To relieve economic burden of refugee crisis, U.N. is buying Lebanese
U.N. aid agencies will give preference to purchasing Lebanese products as it works to meet the needs of close to 1 million Syrian refugees in Lebanon in a bid to offset the economic burden of the crisis.
U.N. aid agencies have spent around $1 billion in aid to refugees in 2013, Deputy Special Representative for Lebanon and U.N. Humanitarian Coordinator Robert Watkins said following a meeting Wednesday with caretaker Industry Minister Freij Sabounjian.
The Industry Ministry in cooperation with U.N. agencies will advise Lebanese businesses on the procedures to participate in U.N. tenders to purchase goods for refugees, Sabounjian told The Daily Star.
Lebanese businesses which offer products on a par with foreign goods in terms of pricing and quality will be given preference over foreign suppliers, the minister added.
The ministry, in collaboration with U.N. agencies, will hold a workshop on Feb. 13 to inform Lebanese businesses on the procedures governing U.N. tenders, said Cristiano Pasini, a representative of the United Nations Industrial Development Organization.
Pasini, who participated in the meeting with Sabounjian and Watkins, said the workshop aimed at bridging the gap between U.N. agencies and Lebanese industrialists with regard to the tender procedures adopted by U.N. organizations.

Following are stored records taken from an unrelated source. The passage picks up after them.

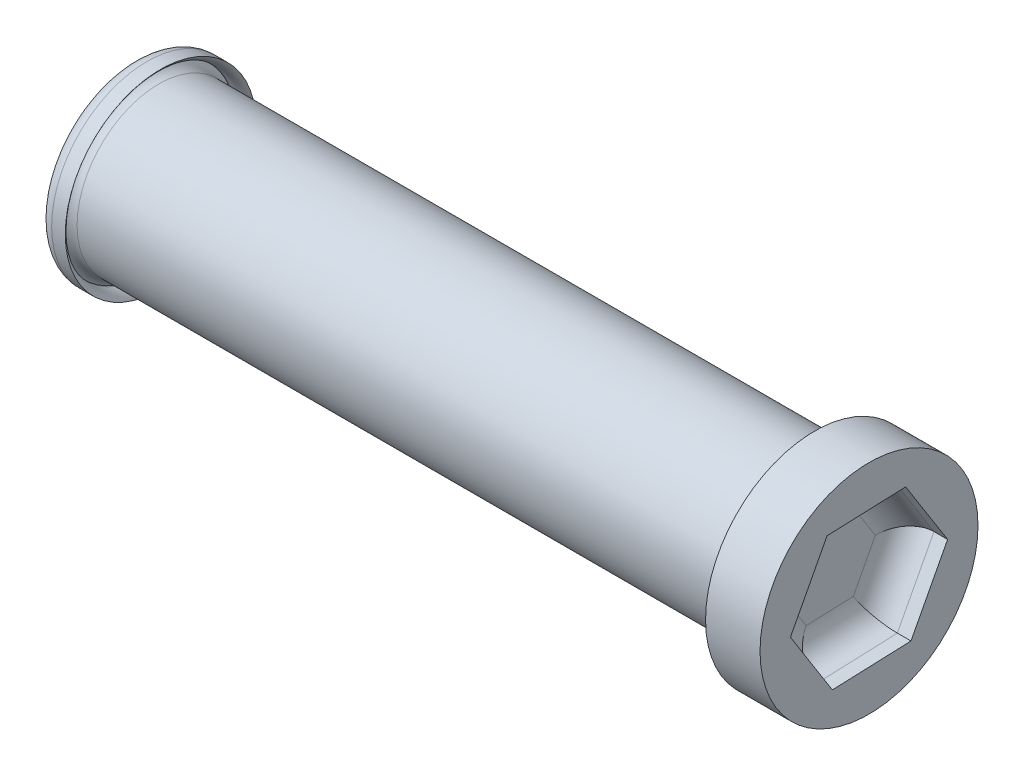
ISO-10303-21;
HEADER;
FILE_DESCRIPTION(('STEP AP214'),'2;1');
FILE_NAME('part.step','',(''),(''),'','','');
FILE_SCHEMA(('AUTOMOTIVE_DESIGN { 1 0 10303 214 1 1 1 1 }'));
ENDSEC;
DATA;
#1=APPLICATION_CONTEXT('core data for automotive mechanical design processes');
#2=APPLICATION_PROTOCOL_DEFINITION('international standard','automotive_design',2000,#1);
#3=PRODUCT_CONTEXT('',#1,'mechanical');
#4=PRODUCT('Part','Part','',(#3));
#5=PRODUCT_RELATED_PRODUCT_CATEGORY('part','',(#4));
#6=PRODUCT_DEFINITION_FORMATION('','',#4);
#7=PRODUCT_DEFINITION_CONTEXT('part definition',#1,'design');
#8=PRODUCT_DEFINITION('design','',#6,#7);
#9=PRODUCT_DEFINITION_SHAPE('','',#8);
#10=(LENGTH_UNIT() NAMED_UNIT(*) SI_UNIT(.MILLI.,.METRE.));
#11=(NAMED_UNIT(*) PLANE_ANGLE_UNIT() SI_UNIT($,.RADIAN.));
#12=(NAMED_UNIT(*) SI_UNIT($,.STERADIAN.) SOLID_ANGLE_UNIT());
#13=UNCERTAINTY_MEASURE_WITH_UNIT(LENGTH_MEASURE(1.E-05),#10,'distance_accuracy_value','');
#14=(GEOMETRIC_REPRESENTATION_CONTEXT(3) GLOBAL_UNCERTAINTY_ASSIGNED_CONTEXT((#13)) GLOBAL_UNIT_ASSIGNED_CONTEXT((#10,
#11,#12)) REPRESENTATION_CONTEXT('',''));
#15=CARTESIAN_POINT('',(0.,0.,0.));
#16=DIRECTION('',(0.,0.,1.));
#17=DIRECTION('',(1.,0.,0.));
#18=AXIS2_PLACEMENT_3D('',#15,#16,#17);
#19=CARTESIAN_POINT('',(0.,0.,0.));
#20=DIRECTION('',(1.,0.,0.));
#21=DIRECTION('',(0.,0.,-1.));
#22=AXIS2_PLACEMENT_3D('',#19,#20,#21);
#23=PLANE('',#22);
#24=CARTESIAN_POINT('',(0.,0.,0.));
#25=DIRECTION('',(1.,0.,0.));
#26=DIRECTION('',(0.,0.,-1.));
#27=AXIS2_PLACEMENT_3D('',#24,#25,#26);
#28=CIRCLE('',#27,3.5);
#29=CARTESIAN_POINT('',(0.,0.,-3.5));
#30=VERTEX_POINT('',#29);
#31=EDGE_CURVE('E155',#30,#30,#28,.T.);
#32=ORIENTED_EDGE('',*,*,#31,.T.);
#33=EDGE_LOOP('',(#32));
#34=FACE_BOUND('',#33,.T.);
#35=CARTESIAN_POINT('',(0.,0.,0.));
#36=DIRECTION('',(1.,0.,0.));
#37=DIRECTION('',(0.,0.,-1.));
#38=AXIS2_PLACEMENT_3D('',#35,#36,#37);
#39=CIRCLE('',#38,4.);
#40=CARTESIAN_POINT('',(0.,0.,-4.));
#41=VERTEX_POINT('',#40);
#42=EDGE_CURVE('E146',#41,#41,#39,.T.);
#43=ORIENTED_EDGE('',*,*,#42,.F.);
#44=EDGE_LOOP('',(#43));
#45=FACE_BOUND('',#44,.T.);
#46=ADVANCED_FACE('F32',(#34,#45),#23,.F.);
#47=CARTESIAN_POINT('',(2.,0.,0.));
#48=DIRECTION('',(1.,0.,0.));
#49=DIRECTION('',(0.,0.,-1.));
#50=AXIS2_PLACEMENT_3D('',#47,#48,#49);
#51=CYLINDRICAL_SURFACE('',#50,4.);
#52=CARTESIAN_POINT('',(2.,0.,0.));
#53=DIRECTION('',(1.,0.,0.));
#54=DIRECTION('',(0.,0.,-1.));
#55=AXIS2_PLACEMENT_3D('',#52,#53,#54);
#56=CIRCLE('',#55,4.);
#57=CARTESIAN_POINT('',(2.,0.,-4.));
#58=VERTEX_POINT('',#57);
#59=EDGE_CURVE('E137',#58,#58,#56,.T.);
#60=ORIENTED_EDGE('',*,*,#59,.F.);
#61=EDGE_LOOP('',(#60));
#62=FACE_BOUND('',#61,.T.);
#63=ORIENTED_EDGE('',*,*,#42,.T.);
#64=EDGE_LOOP('',(#63));
#65=FACE_BOUND('',#64,.T.);
#66=ADVANCED_FACE('F272',(#62,#65),#51,.T.);
#67=CARTESIAN_POINT('',(2.,4.,0.));
#68=DIRECTION('',(-1.,0.,0.));
#69=DIRECTION('',(0.,0.,1.));
#70=AXIS2_PLACEMENT_3D('',#67,#68,#69);
#71=PLANE('',#70);
#72=DIRECTION('',(0.,-0.0391108686359707,0.999234877270875));
#73=VECTOR('',#72,1.);
#74=CARTESIAN_POINT('',(2.,2.55453886951523,-1.34449414185008));
#75=LINE('',#74,#73);
#76=CARTESIAN_POINT('',(2.,2.55453886951523,-1.34449414185008));
#77=VERTEX_POINT('',#76);
#78=CARTESIAN_POINT('',(2.,2.44163551683914,1.54004848502993));
#79=VERTEX_POINT('',#78);
#80=EDGE_CURVE('E113',#77,#79,#75,.T.);
#81=ORIENTED_EDGE('',*,*,#80,.F.);
#82=DIRECTION('',(0.,0.845807353746018,0.533488444438264));
#83=VECTOR('',#82,1.);
#84=CARTESIAN_POINT('',(2.,0.112903352676089,-2.88454262688001));
#85=LINE('',#84,#83);
#86=CARTESIAN_POINT('',(2.,0.112903352676089,-2.88454262688001));
#87=VERTEX_POINT('',#86);
#88=EDGE_CURVE('E118',#87,#77,#85,.T.);
#89=ORIENTED_EDGE('',*,*,#88,.F.);
#90=DIRECTION('',(0.,0.884918222381988,-0.465746432832611));
#91=VECTOR('',#90,1.);
#92=CARTESIAN_POINT('',(2.,-2.44163551683914,-1.54004848502993));
#93=LINE('',#92,#91);
#94=CARTESIAN_POINT('',(2.,-2.44163551683914,-1.54004848502993));
#95=VERTEX_POINT('',#94);
#96=EDGE_CURVE('E132',#95,#87,#93,.T.);
#97=ORIENTED_EDGE('',*,*,#96,.F.);
#98=DIRECTION('',(0.,0.0391108686359705,-0.999234877270875));
#99=VECTOR('',#98,1.);
#100=CARTESIAN_POINT('',(2.,-2.55453886951523,1.34449414185008));
#101=LINE('',#100,#99);
#102=CARTESIAN_POINT('',(2.,-2.55453886951523,1.34449414185008));
#103=VERTEX_POINT('',#102);
#104=EDGE_CURVE('E126',#103,#95,#101,.T.);
#105=ORIENTED_EDGE('',*,*,#104,.F.);
#106=DIRECTION('',(0.,-0.845807353746018,-0.533488444438264));
#107=VECTOR('',#106,1.);
#108=CARTESIAN_POINT('',(2.,-0.112903352676088,2.88454262688001));
#109=LINE('',#108,#107);
#110=CARTESIAN_POINT('',(2.,-0.112903352676088,2.88454262688001));
#111=VERTEX_POINT('',#110);
#112=EDGE_CURVE('E124',#111,#103,#109,.T.);
#113=ORIENTED_EDGE('',*,*,#112,.F.);
#114=DIRECTION('',(0.,-0.884918222381988,0.465746432832611));
#115=VECTOR('',#114,1.);
#116=CARTESIAN_POINT('',(2.,2.44163551683914,1.54004848502993));
#117=LINE('',#116,#115);
#118=EDGE_CURVE('E106',#79,#111,#117,.T.);
#119=ORIENTED_EDGE('',*,*,#118,.F.);
#120=EDGE_LOOP('',(#81,#89,#97,#105,#113,#119));
#121=FACE_BOUND('',#120,.T.);
#122=ORIENTED_EDGE('',*,*,#59,.T.);
#123=EDGE_LOOP('',(#122));
#124=FACE_BOUND('',#123,.T.);
#125=ADVANCED_FACE('F120',(#121,#124),#71,.F.);
#126=CARTESIAN_POINT('',(-24.,0.,0.));
#127=DIRECTION('',(1.,0.,0.));
#128=DIRECTION('',(0.,0.,-1.));
#129=AXIS2_PLACEMENT_3D('',#126,#127,#128);
#130=CYLINDRICAL_SURFACE('',#129,3.);
#131=CARTESIAN_POINT('',(-24.0669872981078,0.,0.));
#132=DIRECTION('',(-1.,0.,0.));
#133=DIRECTION('',(0.,0.,1.));
#134=AXIS2_PLACEMENT_3D('',#131,#132,#133);
#135=CIRCLE('',#134,3.);
#136=CARTESIAN_POINT('',(-24.0669872981078,0.,3.));
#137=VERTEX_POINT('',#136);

Besides organizing workshops and seminars, U.N. agencies in Lebanon will establish information centers on their premises to assist Lebanese businesses willing to participate in tenders, Sabounjian said.
In the event that the U.N. requires products that aren’t manufactured locally, Lebanese importers would also be given preference to supply U.N. agencies with the needed good, Sabounjian added.
“This will also cut the transportation and shipping cost for U.N. agencies,” Sabounjian said.
Channeling funds used to purchase aid for refugees into the Lebanese economy could partially offset the economic burden of the Syrian crisis by increasing demand for manufactured goods and boosting the output of Lebanon’s industries, he said.
A World Bank report released last year said the Syrian crisis would cut real GDP growth by 2.9 percentage points each year over the 2012-14 period, depressing government revenue by some $1.5 billion while increasing state expenditures by $1.1 billion due to the surge in demand for public services.
The total fiscal impact of the crisis was estimated at $2.6 billion while some $1.5 billion would be needed for stabilization.
“The agreement reached with U.N. agencies today ... is very important for the Lebanese economy because it will help productive sectors sell their goods and encourage them to increase production,” Sabounjian said.
On top of increasing the fiscal deficit, the influx of Syrian refugees into Lebanon have resulted in increased illegal competition in the industrial sector that have hit a large number of Lebanese small and medium-sized enterprises.
A number of Syrian refugees looking for income to sustain their families have set up unlicensed small businesses on the outskirts of Beirut, according to several Lebanese industrialists, who said such workshops mainly offer paint, carpentry and furniture renovation services.
The lack of sufficient international aid and the deteriorating state finances have left the government with no option but to turn a blind eye to the issue.